Angelita se limitaba a mirarlo desde mucho más allá de la profunda oscuridad transparente de sus ojos, quizás desde su alma. Sonreía y apartaba el pelo -que siempre caía sobre el lado izquierdo de su cara, iluminando las delicadas facciones con un reflejo rojizo- con ese movimiento coordinado que ya T. conocía de memoria: tirando el cuello hacia atrás, firme pero con delicadeza, ayudándose con la mano derecha. –Tú si que dices bobada - le reclamaba, cariñosamente- no tienes nada que envidiarle al Quijote. Ignorando su papel de Dulcinea en toda esta historia. El reproche iba acompañado con un beso, con la misma comprensión de siempre. Al fin y al cabo “él no tenía la culpa”. Seguía excusándolo. Desde niño, los libros fueron su más fiel compañía en medio de una historia de abandonos que sólo le contó una vez y que prefería nunca más mencionar. Eso pensaba ella como para justificarse a sí misma esta relación poco ortodoxa.

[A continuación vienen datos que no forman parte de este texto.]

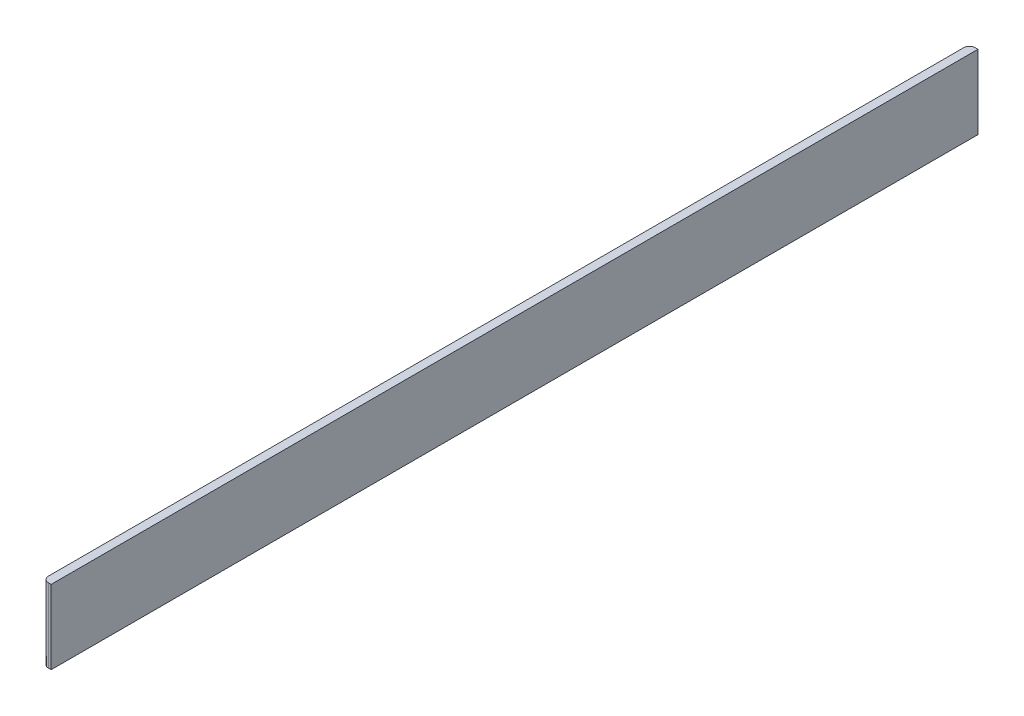
ISO-10303-21;
HEADER;
FILE_DESCRIPTION(('STEP AP214'),'2;1');
FILE_NAME('part.step','',(''),(''),'','','');
FILE_SCHEMA(('AUTOMOTIVE_DESIGN { 1 0 10303 214 1 1 1 1 }'));
ENDSEC;
DATA;
#1=APPLICATION_CONTEXT('core data for automotive mechanical design processes');
#2=APPLICATION_PROTOCOL_DEFINITION('international standard','automotive_design',2000,#1);
#3=PRODUCT_CONTEXT('',#1,'mechanical');
#4=PRODUCT('Part','Part','',(#3));
#5=PRODUCT_RELATED_PRODUCT_CATEGORY('part','',(#4));
#6=PRODUCT_DEFINITION_FORMATION('','',#4);
#7=PRODUCT_DEFINITION_CONTEXT('part definition',#1,'design');
#8=PRODUCT_DEFINITION('design','',#6,#7);
#9=PRODUCT_DEFINITION_SHAPE('','',#8);
#10=(LENGTH_UNIT() NAMED_UNIT(*) SI_UNIT(.MILLI.,.METRE.));
#11=(NAMED_UNIT(*) PLANE_ANGLE_UNIT() SI_UNIT($,.RADIAN.));
#12=(NAMED_UNIT(*) SI_UNIT($,.STERADIAN.) SOLID_ANGLE_UNIT());
#13=UNCERTAINTY_MEASURE_WITH_UNIT(LENGTH_MEASURE(1.E-05),#10,'distance_accuracy_value','');
#14=(GEOMETRIC_REPRESENTATION_CONTEXT(3) GLOBAL_UNCERTAINTY_ASSIGNED_CONTEXT((#13)) GLOBAL_UNIT_ASSIGNED_CONTEXT((#10,
#11,#12)) REPRESENTATION_CONTEXT('',''));
#15=CARTESIAN_POINT('',(0.,0.,0.));
#16=DIRECTION('',(0.,0.,1.));
#17=DIRECTION('',(1.,0.,0.));
#18=AXIS2_PLACEMENT_3D('',#15,#16,#17);
#19=CARTESIAN_POINT('',(-508.,2146.38765151858,0.));
#20=DIRECTION('',(1.,0.,0.));
#21=DIRECTION('',(0.,0.,-1.));
#22=AXIS2_PLACEMENT_3D('',#19,#20,#21);
#23=PLANE('',#22);
#24=DIRECTION('',(0.,-1.,0.));
#25=VECTOR('',#24,1.);
#26=CARTESIAN_POINT('',(-508.,2146.38765151858,-1035.05));
#27=LINE('',#26,#25);
#28=CARTESIAN_POINT('',(-508.,76.2,-1035.05));
#29=VERTEX_POINT('',#28);
#30=CARTESIAN_POINT('',(-508.,-88.9000000000002,-1035.05));
#31=VERTEX_POINT('',#30);
#32=EDGE_CURVE('E122',#29,#31,#27,.T.);
#33=ORIENTED_EDGE('',*,*,#32,.F.);
#34=DIRECTION('',(0.,0.,1.));
#35=VECTOR('',#34,1.);
#36=CARTESIAN_POINT('',(-508.,76.2,0.));
#37=LINE('',#36,#35);
#38=CARTESIAN_POINT('',(-508.,76.2,1035.05));
#39=VERTEX_POINT('',#38);
#40=EDGE_CURVE('E99',#29,#39,#37,.T.);
#41=ORIENTED_EDGE('',*,*,#40,.T.);
#42=DIRECTION('',(0.,-1.,0.));
#43=VECTOR('',#42,1.);
#44=CARTESIAN_POINT('',(-508.,2146.38765151858,1035.05));
#45=LINE('',#44,#43);
#46=CARTESIAN_POINT('',(-508.,-88.9000000000002,1035.05));
#47=VERTEX_POINT('',#46);
#48=EDGE_CURVE('E94',#39,#47,#45,.T.);
#49=ORIENTED_EDGE('',*,*,#48,.T.);
#50=DIRECTION('',(0.,0.,-1.));
#51=VECTOR('',#50,1.);
#52=CARTESIAN_POINT('',(-508.,-88.9000000000002,0.));
#53=LINE('',#52,#51);
#54=EDGE_CURVE('E97',#47,#31,#53,.T.);
#55=ORIENTED_EDGE('',*,*,#54,.T.);
#56=EDGE_LOOP('',(#33,#41,#49,#55));
#57=FACE_BOUND('',#56,.T.);
#58=ADVANCED_FACE('F38',(#57),#23,.T.);
#59=CARTESIAN_POINT('',(0.,2146.38765151858,-1035.05));
#60=DIRECTION('',(0.,0.,-1.));
#61=DIRECTION('',(-1.,0.,0.));
#62=AXIS2_PLACEMENT_3D('',#59,#60,#61);
#63=PLANE('',#62);
#64=DIRECTION('',(-1.,0.,0.));
#65=VECTOR('',#64,1.);
#66=CARTESIAN_POINT('',(0.,-88.9000000000002,-1035.05));
#67=LINE('',#66,#65);
#68=CARTESIAN_POINT('',(-514.35,-88.9000000000002,-1035.05));
#69=VERTEX_POINT('',#68);
#70=EDGE_CURVE('E110',#31,#69,#67,.T.);
#71=ORIENTED_EDGE('',*,*,#70,.T.);
#72=DIRECTION('',(0.,-1.,0.));
#73=VECTOR('',#72,1.);
#74=CARTESIAN_POINT('',(-514.35,76.2,-1035.05));
#75=LINE('',#74,#73);
#76=CARTESIAN_POINT('',(-514.35,76.2,-1035.05));
#77=VERTEX_POINT('',#76);
#78=EDGE_CURVE('E61',#69,#77,#75,.F.);
#79=ORIENTED_EDGE('',*,*,#78,.T.);
#80=DIRECTION('',(1.,0.,0.));
#81=VECTOR('',#80,1.);
#82=CARTESIAN_POINT('',(0.,76.2,-1035.05));
#83=LINE('',#82,#81);
#84=EDGE_CURVE('E102',#77,#29,#83,.T.);
#85=ORIENTED_EDGE('',*,*,#84,.T.);
#86=ORIENTED_EDGE('',*,*,#32,.T.);
#87=EDGE_LOOP('',(#71,#79,#85,#86));
#88=FACE_BOUND('',#87,.T.);
#89=ADVANCED_FACE('F147',(#88),#63,.T.);
#90=CARTESIAN_POINT('',(-527.05,2146.38765151858,0.));
#91=DIRECTION('',(1.,0.,0.));
#92=DIRECTION('',(0.,0.,-1.));
#93=AXIS2_PLACEMENT_3D('',#90,#91,#92);
#94=PLANE('',#93);
#95=DIRECTION('',(0.,0.,1.));
#96=VECTOR('',#95,1.);
#97=CARTESIAN_POINT('',(-527.05,76.2,0.));
#98=LINE('',#97,#96);
#99=CARTESIAN_POINT('',(-527.05,76.2,-1022.35));
#100=VERTEX_POINT('',#99);
#101=CARTESIAN_POINT('',(-527.05,76.2,1022.35));
#102=VERTEX_POINT('',#101);
#103=EDGE_CURVE('E119',#100,#102,#98,.T.);
#104=ORIENTED_EDGE('',*,*,#103,.F.);
#105=DIRECTION('',(0.,-1.,0.));
#106=VECTOR('',#105,1.);
#107=CARTESIAN_POINT('',(-527.05,-88.9000000000002,-1022.35));
#108=LINE('',#107,#106);
#109=CARTESIAN_POINT('',(-527.05,-88.9000000000002,-1022.35));
#110=VERTEX_POINT('',#109);
#111=EDGE_CURVE('E129',#100,#110,#108,.T.);
#112=ORIENTED_EDGE('',*,*,#111,.T.);
#113=DIRECTION('',(0.,0.,-1.));
#114=VECTOR('',#113,1.);
#115=CARTESIAN_POINT('',(-527.05,-88.9000000000002,0.));
#116=LINE('',#115,#114);
#117=CARTESIAN_POINT('',(-527.05,-88.9000000000002,1022.35));
#118=VERTEX_POINT('',#117);
#119=EDGE_CURVE('E114',#118,#110,#116,.T.);
#120=ORIENTED_EDGE('',*,*,#119,.F.);
#121=DIRECTION('',(0.,-1.,0.));
#122=VECTOR('',#121,1.);
#123=CARTESIAN_POINT('',(-527.05,2146.38765151858,1022.35));
#124=LINE('',#123,#122);
#125=EDGE_CURVE('E126',#118,#102,#124,.F.);
#126=ORIENTED_EDGE('',*,*,#125,.T.);
#127=EDGE_LOOP('',(#104,#112,#120,#126));
#128=FACE_BOUND('',#127,.T.);
#129=ADVANCED_FACE('F143',(#128),#94,.F.);
#130=CARTESIAN_POINT('',(0.,2146.38765151858,1035.05));
#131=DIRECTION('',(0.,0.,-1.));
#132=DIRECTION('',(-1.,0.,0.));
#133=AXIS2_PLACEMENT_3D('',#130,#131,#132);
#134=PLANE('',#133);
#135=DIRECTION('',(1.,0.,0.));
#136=VECTOR('',#135,1.);
#137=CARTESIAN_POINT('',(0.,76.2,1035.05));
#138=LINE('',#137,#136);
#139=CARTESIAN_POINT('',(-514.35,76.2,1035.05));
#140=VERTEX_POINT('',#139);
#141=EDGE_CURVE('E121',#140,#39,#138,.T.);
#142=ORIENTED_EDGE('',*,*,#141,.F.);
#143=DIRECTION('',(0.,-1.,0.));
#144=VECTOR('',#143,1.);
#145=CARTESIAN_POINT('',(-514.35,2146.38765151858,1035.05));
#146=LINE('',#145,#144);
#147=CARTESIAN_POINT('',(-514.35,-88.9000000000002,1035.05));
#148=VERTEX_POINT('',#147);
#149=EDGE_CURVE('E11',#140,#148,#146,.T.);
#150=ORIENTED_EDGE('',*,*,#149,.T.);
#151=DIRECTION('',(-1.,0.,0.));
#152=VECTOR('',#151,1.);
#153=CARTESIAN_POINT('',(0.,-88.9000000000002,1035.05));
#154=LINE('',#153,#152);
#155=EDGE_CURVE('E109',#47,#148,#154,.T.);
#156=ORIENTED_EDGE('',*,*,#155,.F.);
#157=ORIENTED_EDGE('',*,*,#48,.F.);
#158=EDGE_LOOP('',(#142,#150,#156,#157));
#159=FACE_BOUND('',#158,.T.);
#160=ADVANCED_FACE('F112',(#159),#134,.F.);
#161=CARTESIAN_POINT('',(0.,-88.9,0.));
#162=DIRECTION('',(0.,1.,0.));
#163=DIRECTION('',(0.,0.,1.));
#164=AXIS2_PLACEMENT_3D('',#161,#162,#163);
#165=PLANE('',#164);
#166=ORIENTED_EDGE('',*,*,#119,.T.);
#167=CARTESIAN_POINT('',(-514.35,-88.9000000000002,-1022.35));
#168=DIRECTION('',(0.,1.,0.));
#169=DIRECTION('',(0.,0.,1.));
#170=AXIS2_PLACEMENT_3D('',#167,#168,#169);
#171=CIRCLE('',#170,12.7);
#172=EDGE_CURVE('E134',#110,#69,#171,.F.);
#173=ORIENTED_EDGE('',*,*,#172,.T.);
#174=ORIENTED_EDGE('',*,*,#70,.F.);
#175=ORIENTED_EDGE('',*,*,#54,.F.);
#176=ORIENTED_EDGE('',*,*,#155,.T.);
#177=CARTESIAN_POINT('',(-514.35,-88.9000000000002,1022.35));
#178=DIRECTION('',(0.,1.,0.));
#179=DIRECTION('',(0.,0.,1.));
#180=AXIS2_PLACEMENT_3D('',#177,#178,#179);
#181=CIRCLE('',#180,12.7);
#182=EDGE_CURVE('E132',#148,#118,#181,.F.);
#183=ORIENTED_EDGE('',*,*,#182,.T.);
#184=EDGE_LOOP('',(#166,#173,#174,#175,#176,#183));
#185=FACE_BOUND('',#184,.T.);
#186=ADVANCED_FACE('F108',(#185),#165,.F.);
#187=CARTESIAN_POINT('',(-514.35,2146.38765151858,-1022.35));
#188=DIRECTION('',(0.,1.,0.));
#189=DIRECTION('',(0.,0.,1.));
#190=AXIS2_PLACEMENT_3D('',#187,#188,#189);
#191=CYLINDRICAL_SURFACE('',#190,12.7);
#192=CARTESIAN_POINT('',(-514.35,76.2,-1022.35));
#193=DIRECTION('',(0.,1.,0.));
#194=DIRECTION('',(0.,0.,1.));
#195=AXIS2_PLACEMENT_3D('',#192,#193,#194);
#196=CIRCLE('',#195,12.7);
#197=EDGE_CURVE('E46',#77,#100,#196,.T.);
#198=ORIENTED_EDGE('',*,*,#197,.F.);
#199=ORIENTED_EDGE('',*,*,#78,.F.);
#200=ORIENTED_EDGE('',*,*,#172,.F.);
#201=ORIENTED_EDGE('',*,*,#111,.F.);
#202=EDGE_LOOP('',(#198,#199,#200,#201));
#203=FACE_BOUND('',#202,.T.);
#204=ADVANCED_FACE('F146',(#203),#191,.T.);
#205=CARTESIAN_POINT('',(-514.35,2146.38765151858,1022.35));
#206=DIRECTION('',(0.,-1.,0.));
#207=DIRECTION('',(0.,0.,-1.));
#208=AXIS2_PLACEMENT_3D('',#205,#206,#207);
#209=CYLINDRICAL_SURFACE('',#208,12.7);
#210=CARTESIAN_POINT('',(-514.35,76.2,1022.35));
#211=DIRECTION('',(0.,1.,0.));
#212=DIRECTION('',(0.,0.,1.));
#213=AXIS2_PLACEMENT_3D('',#210,#211,#212);
#214=CIRCLE('',#213,12.7);
#215=EDGE_CURVE('E53',#102,#140,#214,.T.);
#216=ORIENTED_EDGE('',*,*,#215,.F.);
#217=ORIENTED_EDGE('',*,*,#125,.F.);
#218=ORIENTED_EDGE('',*,*,#182,.F.);
#219=ORIENTED_EDGE('',*,*,#149,.F.);
#220=EDGE_LOOP('',(#216,#217,#218,#219));
#221=FACE_BOUND('',#220,.T.);
#222=ADVANCED_FACE('F40',(#221),#209,.T.);
#223=CARTESIAN_POINT('',(0.,76.2,0.));
#224=DIRECTION('',(0.,1.,0.));
#225=DIRECTION('',(0.,0.,1.));
#226=AXIS2_PLACEMENT_3D('',#223,#224,#225);
#227=PLANE('',#226);
#228=ORIENTED_EDGE('',*,*,#84,.F.);
#229=ORIENTED_EDGE('',*,*,#197,.T.);
#230=ORIENTED_EDGE('',*,*,#103,.T.);
#231=ORIENTED_EDGE('',*,*,#215,.T.);
#232=ORIENTED_EDGE('',*,*,#141,.T.);
#233=ORIENTED_EDGE('',*,*,#40,.F.);
#234=EDGE_LOOP('',(#228,#229,#230,#231,#232,#233));
#235=FACE_BOUND('',#234,.T.);
#236=ADVANCED_FACE('F139',(#235),#227,.T.);
#237=CLOSED_SHELL('',(#58,#89,#129,#160,#186,#204,#222,#236));
#238=MANIFOLD_SOLID_BREP('B2',#237);
#239=ADVANCED_BREP_SHAPE_REPRESENTATION('',(#18,#238),#14);
#240=SHAPE_DEFINITION_REPRESENTATION(#9,#239);
ENDSEC;
END-ISO-10303-21;

T. no trabajaba en la forma convencional, detestaba los horarios y los jefes. Sostenía con un convencimiento inamovible que de ser un oficinista, en menos de una semana amanecería (tras un sueño intranquilo) convertido en un horrible insecto, como ya le había pasado hace un tiempo a un fulano, por allá en Praga. Los libros le daban hasta para comer. Desde adolescente manejó con destreza la librería heredada de sus padres, víctimas en un avión de Avianca que estalló en pleno vuelo (pero a T. no le gusta que se hable de esto). Siempre sabía qué libro recomendar a cada quién, era tal su pericia que con sólo verles la pinta, sin que mediara pregunta alguna, conducía a los lectores hacia la sección que el librero presumía como su preferida. Nunca fallaba.

No pocas veces pasó por descortés al impedir el paso a ciertos personajes con una característica en común: cara de poco inteligentes, afeada con un claro gesto de desesperación o de angustia. –Aquí no hay nada de autoayuda o temas afines. – les decía parándose frente a la puerta como el más fiero guardián. Los estantes de Yacuanquer, vocablo precolombino que traduce tierra de sepulcros, con que su padre bautizó la librería en honor a sus raíces y a su pueblo natal, siempre estuvieron vetados para todos los Cuauthemocs, Rizos, Oshos, Gallos, Cohelos y similares. Era conciente de que esta basura escrita tenía gran demanda comercial, pero prefería abstenerse de este ingreso fácil. – Sería plata mal habida –decía con tono inquisidor- aquí vendemos literatura y a esos libracos les queda grande el apelativo. Estaba seguro de que él mismo podía producir un librito de estos en un dos por tres, pintar maravillas en el papel (que al fin y al cabo todo lo aguanta), dar consejos para lograr la tan anhelada felicidad aunque la vida del propio autor fuera una mierda. Sin duda era el preciso para demostrar esa hipótesis.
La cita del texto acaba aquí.